Supplied records:
↓↓↓
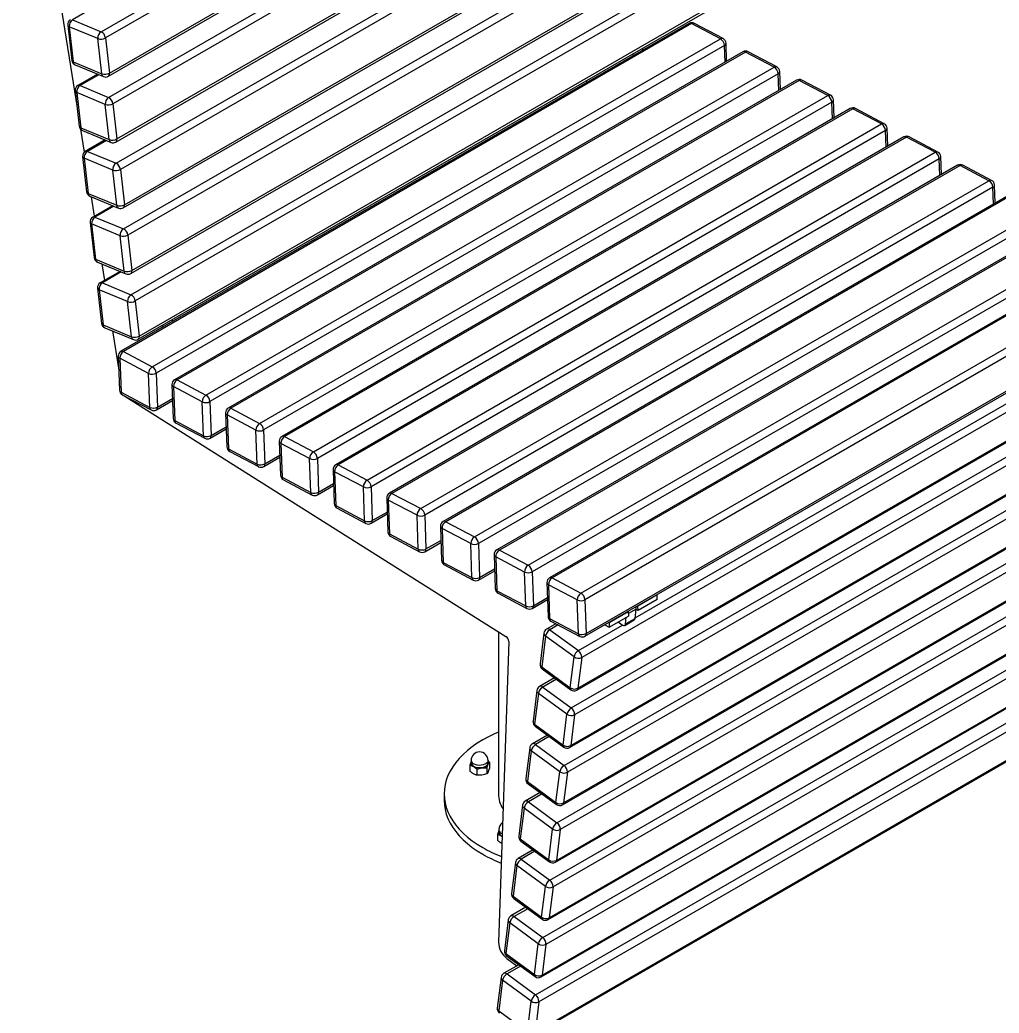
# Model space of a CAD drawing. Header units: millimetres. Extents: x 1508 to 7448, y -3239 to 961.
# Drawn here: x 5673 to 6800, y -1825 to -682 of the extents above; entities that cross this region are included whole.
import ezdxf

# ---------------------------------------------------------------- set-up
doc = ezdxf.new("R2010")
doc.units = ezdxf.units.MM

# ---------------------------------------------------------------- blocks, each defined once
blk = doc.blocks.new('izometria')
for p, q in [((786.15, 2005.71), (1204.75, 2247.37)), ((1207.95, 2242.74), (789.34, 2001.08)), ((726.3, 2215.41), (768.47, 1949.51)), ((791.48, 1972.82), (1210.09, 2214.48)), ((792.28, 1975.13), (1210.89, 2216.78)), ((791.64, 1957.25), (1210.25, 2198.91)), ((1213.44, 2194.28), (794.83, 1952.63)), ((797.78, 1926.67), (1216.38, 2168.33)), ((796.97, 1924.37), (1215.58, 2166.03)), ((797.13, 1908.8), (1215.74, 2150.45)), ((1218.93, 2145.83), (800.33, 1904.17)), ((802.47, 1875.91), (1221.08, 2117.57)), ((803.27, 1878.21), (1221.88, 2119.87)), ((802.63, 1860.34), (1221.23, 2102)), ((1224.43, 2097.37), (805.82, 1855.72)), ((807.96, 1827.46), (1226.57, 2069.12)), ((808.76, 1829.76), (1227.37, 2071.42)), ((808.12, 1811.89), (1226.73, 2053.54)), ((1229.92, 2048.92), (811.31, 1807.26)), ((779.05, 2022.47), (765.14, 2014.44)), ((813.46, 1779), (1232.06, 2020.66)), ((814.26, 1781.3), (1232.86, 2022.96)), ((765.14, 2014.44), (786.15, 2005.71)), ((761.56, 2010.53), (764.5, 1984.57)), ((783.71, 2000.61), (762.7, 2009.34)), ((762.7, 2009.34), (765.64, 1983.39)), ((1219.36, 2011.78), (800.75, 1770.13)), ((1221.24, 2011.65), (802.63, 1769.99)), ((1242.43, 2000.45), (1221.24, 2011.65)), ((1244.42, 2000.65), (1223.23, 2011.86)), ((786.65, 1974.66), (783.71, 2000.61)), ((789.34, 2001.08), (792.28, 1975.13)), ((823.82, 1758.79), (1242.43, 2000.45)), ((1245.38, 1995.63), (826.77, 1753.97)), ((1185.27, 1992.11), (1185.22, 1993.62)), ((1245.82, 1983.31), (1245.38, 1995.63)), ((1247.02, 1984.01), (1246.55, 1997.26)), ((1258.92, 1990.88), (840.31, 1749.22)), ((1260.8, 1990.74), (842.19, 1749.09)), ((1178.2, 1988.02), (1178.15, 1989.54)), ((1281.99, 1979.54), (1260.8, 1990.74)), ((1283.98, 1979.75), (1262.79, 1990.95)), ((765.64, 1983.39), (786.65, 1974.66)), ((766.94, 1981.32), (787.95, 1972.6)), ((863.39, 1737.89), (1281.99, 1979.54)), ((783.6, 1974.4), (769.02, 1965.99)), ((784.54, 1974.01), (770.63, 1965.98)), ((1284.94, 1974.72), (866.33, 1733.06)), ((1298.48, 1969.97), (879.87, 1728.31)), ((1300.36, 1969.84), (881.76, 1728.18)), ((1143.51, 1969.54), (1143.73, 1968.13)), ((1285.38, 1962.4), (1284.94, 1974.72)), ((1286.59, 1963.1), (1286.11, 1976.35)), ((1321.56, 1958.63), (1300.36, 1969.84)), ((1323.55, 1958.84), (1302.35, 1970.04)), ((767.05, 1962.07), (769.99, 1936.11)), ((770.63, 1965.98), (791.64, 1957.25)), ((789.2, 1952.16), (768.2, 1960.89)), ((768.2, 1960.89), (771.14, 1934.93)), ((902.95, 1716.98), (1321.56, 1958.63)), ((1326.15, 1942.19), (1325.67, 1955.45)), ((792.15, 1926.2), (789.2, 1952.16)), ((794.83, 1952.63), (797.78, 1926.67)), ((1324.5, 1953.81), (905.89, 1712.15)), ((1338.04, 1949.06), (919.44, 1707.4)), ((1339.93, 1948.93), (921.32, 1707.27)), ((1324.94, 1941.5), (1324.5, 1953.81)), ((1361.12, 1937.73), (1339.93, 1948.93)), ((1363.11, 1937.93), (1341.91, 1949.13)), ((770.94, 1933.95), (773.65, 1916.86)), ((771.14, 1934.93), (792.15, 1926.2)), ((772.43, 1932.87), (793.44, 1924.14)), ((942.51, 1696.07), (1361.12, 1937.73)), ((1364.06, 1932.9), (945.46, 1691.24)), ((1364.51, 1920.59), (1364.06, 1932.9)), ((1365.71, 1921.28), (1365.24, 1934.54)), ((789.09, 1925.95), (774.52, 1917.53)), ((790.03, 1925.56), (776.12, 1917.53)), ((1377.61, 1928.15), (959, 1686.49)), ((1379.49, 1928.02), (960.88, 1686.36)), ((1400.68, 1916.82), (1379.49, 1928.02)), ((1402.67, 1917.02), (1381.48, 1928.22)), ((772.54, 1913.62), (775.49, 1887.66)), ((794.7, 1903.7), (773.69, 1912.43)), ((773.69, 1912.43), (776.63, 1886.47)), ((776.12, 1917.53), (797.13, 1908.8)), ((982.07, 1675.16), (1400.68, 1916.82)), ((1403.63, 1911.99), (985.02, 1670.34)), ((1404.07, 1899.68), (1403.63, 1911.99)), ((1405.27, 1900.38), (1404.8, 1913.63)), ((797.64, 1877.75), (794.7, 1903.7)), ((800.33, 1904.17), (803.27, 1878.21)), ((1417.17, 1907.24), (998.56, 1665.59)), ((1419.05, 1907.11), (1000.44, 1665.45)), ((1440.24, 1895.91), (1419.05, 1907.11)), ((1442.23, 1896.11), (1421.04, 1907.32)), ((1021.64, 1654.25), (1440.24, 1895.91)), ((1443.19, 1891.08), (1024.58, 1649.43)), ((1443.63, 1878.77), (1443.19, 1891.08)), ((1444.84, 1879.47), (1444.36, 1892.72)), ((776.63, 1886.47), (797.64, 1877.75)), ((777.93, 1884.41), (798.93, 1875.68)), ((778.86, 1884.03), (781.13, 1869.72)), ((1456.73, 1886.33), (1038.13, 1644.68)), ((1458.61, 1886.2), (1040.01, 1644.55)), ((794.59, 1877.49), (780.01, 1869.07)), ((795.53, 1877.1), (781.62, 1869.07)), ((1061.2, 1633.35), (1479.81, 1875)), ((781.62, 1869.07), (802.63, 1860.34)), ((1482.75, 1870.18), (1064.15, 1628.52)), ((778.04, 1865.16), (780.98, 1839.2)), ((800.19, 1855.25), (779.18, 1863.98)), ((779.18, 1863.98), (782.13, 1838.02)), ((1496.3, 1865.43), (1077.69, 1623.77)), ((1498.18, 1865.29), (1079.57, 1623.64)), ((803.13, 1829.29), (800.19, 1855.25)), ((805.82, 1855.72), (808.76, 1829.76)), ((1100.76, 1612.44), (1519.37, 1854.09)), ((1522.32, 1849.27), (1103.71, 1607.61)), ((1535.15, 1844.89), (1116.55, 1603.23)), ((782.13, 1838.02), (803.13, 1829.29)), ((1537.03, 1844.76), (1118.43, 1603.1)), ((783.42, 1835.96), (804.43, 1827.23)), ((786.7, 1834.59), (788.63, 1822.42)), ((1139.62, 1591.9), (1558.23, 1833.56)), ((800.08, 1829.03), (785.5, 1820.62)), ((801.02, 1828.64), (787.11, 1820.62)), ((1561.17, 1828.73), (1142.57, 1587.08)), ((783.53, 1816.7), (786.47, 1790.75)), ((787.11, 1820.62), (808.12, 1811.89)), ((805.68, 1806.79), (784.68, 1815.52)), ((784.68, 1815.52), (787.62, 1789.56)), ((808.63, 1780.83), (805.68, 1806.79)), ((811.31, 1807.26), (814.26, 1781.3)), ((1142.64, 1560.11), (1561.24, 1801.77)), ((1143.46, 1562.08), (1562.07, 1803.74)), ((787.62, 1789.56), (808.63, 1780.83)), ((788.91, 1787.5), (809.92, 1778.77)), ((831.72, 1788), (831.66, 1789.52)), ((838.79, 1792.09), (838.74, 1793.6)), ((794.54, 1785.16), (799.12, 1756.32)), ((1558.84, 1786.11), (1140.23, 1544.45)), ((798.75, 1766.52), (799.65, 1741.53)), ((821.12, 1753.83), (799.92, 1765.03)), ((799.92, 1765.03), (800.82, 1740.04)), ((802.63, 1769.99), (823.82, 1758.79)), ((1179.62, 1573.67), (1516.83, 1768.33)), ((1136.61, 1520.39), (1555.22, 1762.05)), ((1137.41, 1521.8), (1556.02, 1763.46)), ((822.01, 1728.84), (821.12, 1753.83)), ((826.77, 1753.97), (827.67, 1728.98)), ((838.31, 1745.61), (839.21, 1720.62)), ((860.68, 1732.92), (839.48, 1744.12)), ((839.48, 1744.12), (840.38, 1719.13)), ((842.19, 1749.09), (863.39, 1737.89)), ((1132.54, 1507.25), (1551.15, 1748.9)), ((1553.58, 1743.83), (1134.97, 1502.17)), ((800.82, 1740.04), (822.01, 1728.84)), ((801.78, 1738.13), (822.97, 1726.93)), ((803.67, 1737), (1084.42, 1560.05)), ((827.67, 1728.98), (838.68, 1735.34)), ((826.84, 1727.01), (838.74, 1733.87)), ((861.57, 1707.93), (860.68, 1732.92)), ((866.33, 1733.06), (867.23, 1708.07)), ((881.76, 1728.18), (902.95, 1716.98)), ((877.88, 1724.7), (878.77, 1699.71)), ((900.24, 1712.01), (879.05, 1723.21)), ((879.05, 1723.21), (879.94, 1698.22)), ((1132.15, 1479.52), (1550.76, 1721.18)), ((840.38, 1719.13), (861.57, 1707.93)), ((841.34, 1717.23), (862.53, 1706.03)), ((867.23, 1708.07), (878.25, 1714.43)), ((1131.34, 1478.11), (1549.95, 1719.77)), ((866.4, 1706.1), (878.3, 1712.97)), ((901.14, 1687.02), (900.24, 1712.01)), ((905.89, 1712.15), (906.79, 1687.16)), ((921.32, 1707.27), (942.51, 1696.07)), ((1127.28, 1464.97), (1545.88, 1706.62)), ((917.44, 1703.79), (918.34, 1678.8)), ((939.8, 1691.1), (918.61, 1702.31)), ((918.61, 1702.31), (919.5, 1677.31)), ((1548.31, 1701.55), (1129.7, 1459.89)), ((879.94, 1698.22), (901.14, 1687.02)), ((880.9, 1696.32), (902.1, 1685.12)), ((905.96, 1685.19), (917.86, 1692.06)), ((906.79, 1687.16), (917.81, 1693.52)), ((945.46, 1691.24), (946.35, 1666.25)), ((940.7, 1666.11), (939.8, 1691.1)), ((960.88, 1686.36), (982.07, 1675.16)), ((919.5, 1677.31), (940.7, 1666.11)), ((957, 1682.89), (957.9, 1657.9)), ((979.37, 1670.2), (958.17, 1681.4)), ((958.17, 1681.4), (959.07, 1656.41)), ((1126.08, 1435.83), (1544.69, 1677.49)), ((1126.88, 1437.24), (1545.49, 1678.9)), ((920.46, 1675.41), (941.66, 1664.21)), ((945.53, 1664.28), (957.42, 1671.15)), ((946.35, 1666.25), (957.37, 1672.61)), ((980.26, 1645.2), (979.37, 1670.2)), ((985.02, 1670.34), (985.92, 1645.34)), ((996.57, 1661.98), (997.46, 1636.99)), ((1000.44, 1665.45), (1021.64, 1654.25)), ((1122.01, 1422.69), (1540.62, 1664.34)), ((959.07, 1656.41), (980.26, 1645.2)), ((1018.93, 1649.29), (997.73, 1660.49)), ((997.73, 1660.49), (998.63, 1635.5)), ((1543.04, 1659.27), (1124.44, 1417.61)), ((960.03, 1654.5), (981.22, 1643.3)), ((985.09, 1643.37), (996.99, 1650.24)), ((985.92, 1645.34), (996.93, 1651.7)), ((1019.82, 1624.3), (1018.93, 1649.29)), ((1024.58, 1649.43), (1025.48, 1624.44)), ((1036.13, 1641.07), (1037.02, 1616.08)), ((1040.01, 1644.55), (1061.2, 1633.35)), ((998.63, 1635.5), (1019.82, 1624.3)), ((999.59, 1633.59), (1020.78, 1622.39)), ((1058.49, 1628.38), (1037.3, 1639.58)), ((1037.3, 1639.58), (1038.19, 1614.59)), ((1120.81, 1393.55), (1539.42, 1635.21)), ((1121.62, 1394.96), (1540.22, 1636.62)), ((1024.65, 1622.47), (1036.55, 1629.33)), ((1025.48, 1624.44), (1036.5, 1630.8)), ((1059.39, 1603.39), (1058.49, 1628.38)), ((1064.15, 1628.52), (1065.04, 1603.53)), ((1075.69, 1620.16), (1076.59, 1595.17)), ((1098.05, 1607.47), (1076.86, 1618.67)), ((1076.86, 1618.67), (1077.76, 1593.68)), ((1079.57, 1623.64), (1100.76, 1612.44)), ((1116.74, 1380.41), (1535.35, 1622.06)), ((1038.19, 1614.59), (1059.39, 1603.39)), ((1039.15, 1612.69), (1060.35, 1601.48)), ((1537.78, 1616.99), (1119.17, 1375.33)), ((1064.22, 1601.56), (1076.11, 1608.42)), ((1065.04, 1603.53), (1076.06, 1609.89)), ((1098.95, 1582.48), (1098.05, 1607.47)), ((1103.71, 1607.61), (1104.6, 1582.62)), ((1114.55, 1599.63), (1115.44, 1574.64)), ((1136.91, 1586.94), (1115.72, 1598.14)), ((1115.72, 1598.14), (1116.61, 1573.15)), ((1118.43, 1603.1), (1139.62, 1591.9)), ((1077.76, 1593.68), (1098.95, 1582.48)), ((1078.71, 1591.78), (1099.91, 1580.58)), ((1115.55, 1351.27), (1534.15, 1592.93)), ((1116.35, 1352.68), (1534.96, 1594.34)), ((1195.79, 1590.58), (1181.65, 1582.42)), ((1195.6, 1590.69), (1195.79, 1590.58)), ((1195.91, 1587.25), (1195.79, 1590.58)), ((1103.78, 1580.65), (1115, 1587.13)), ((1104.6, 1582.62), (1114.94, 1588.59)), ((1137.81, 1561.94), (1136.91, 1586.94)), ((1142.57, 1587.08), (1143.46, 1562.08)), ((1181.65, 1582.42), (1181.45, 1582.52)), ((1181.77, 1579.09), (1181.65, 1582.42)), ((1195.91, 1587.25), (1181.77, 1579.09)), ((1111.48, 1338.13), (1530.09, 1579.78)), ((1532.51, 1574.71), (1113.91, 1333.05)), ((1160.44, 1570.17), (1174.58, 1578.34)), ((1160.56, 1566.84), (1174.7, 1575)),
↑↑↑
Description of the task: Within the data above, how many lines include the word "ezdxf"? Respond with the number only.

Result for this exercise: 3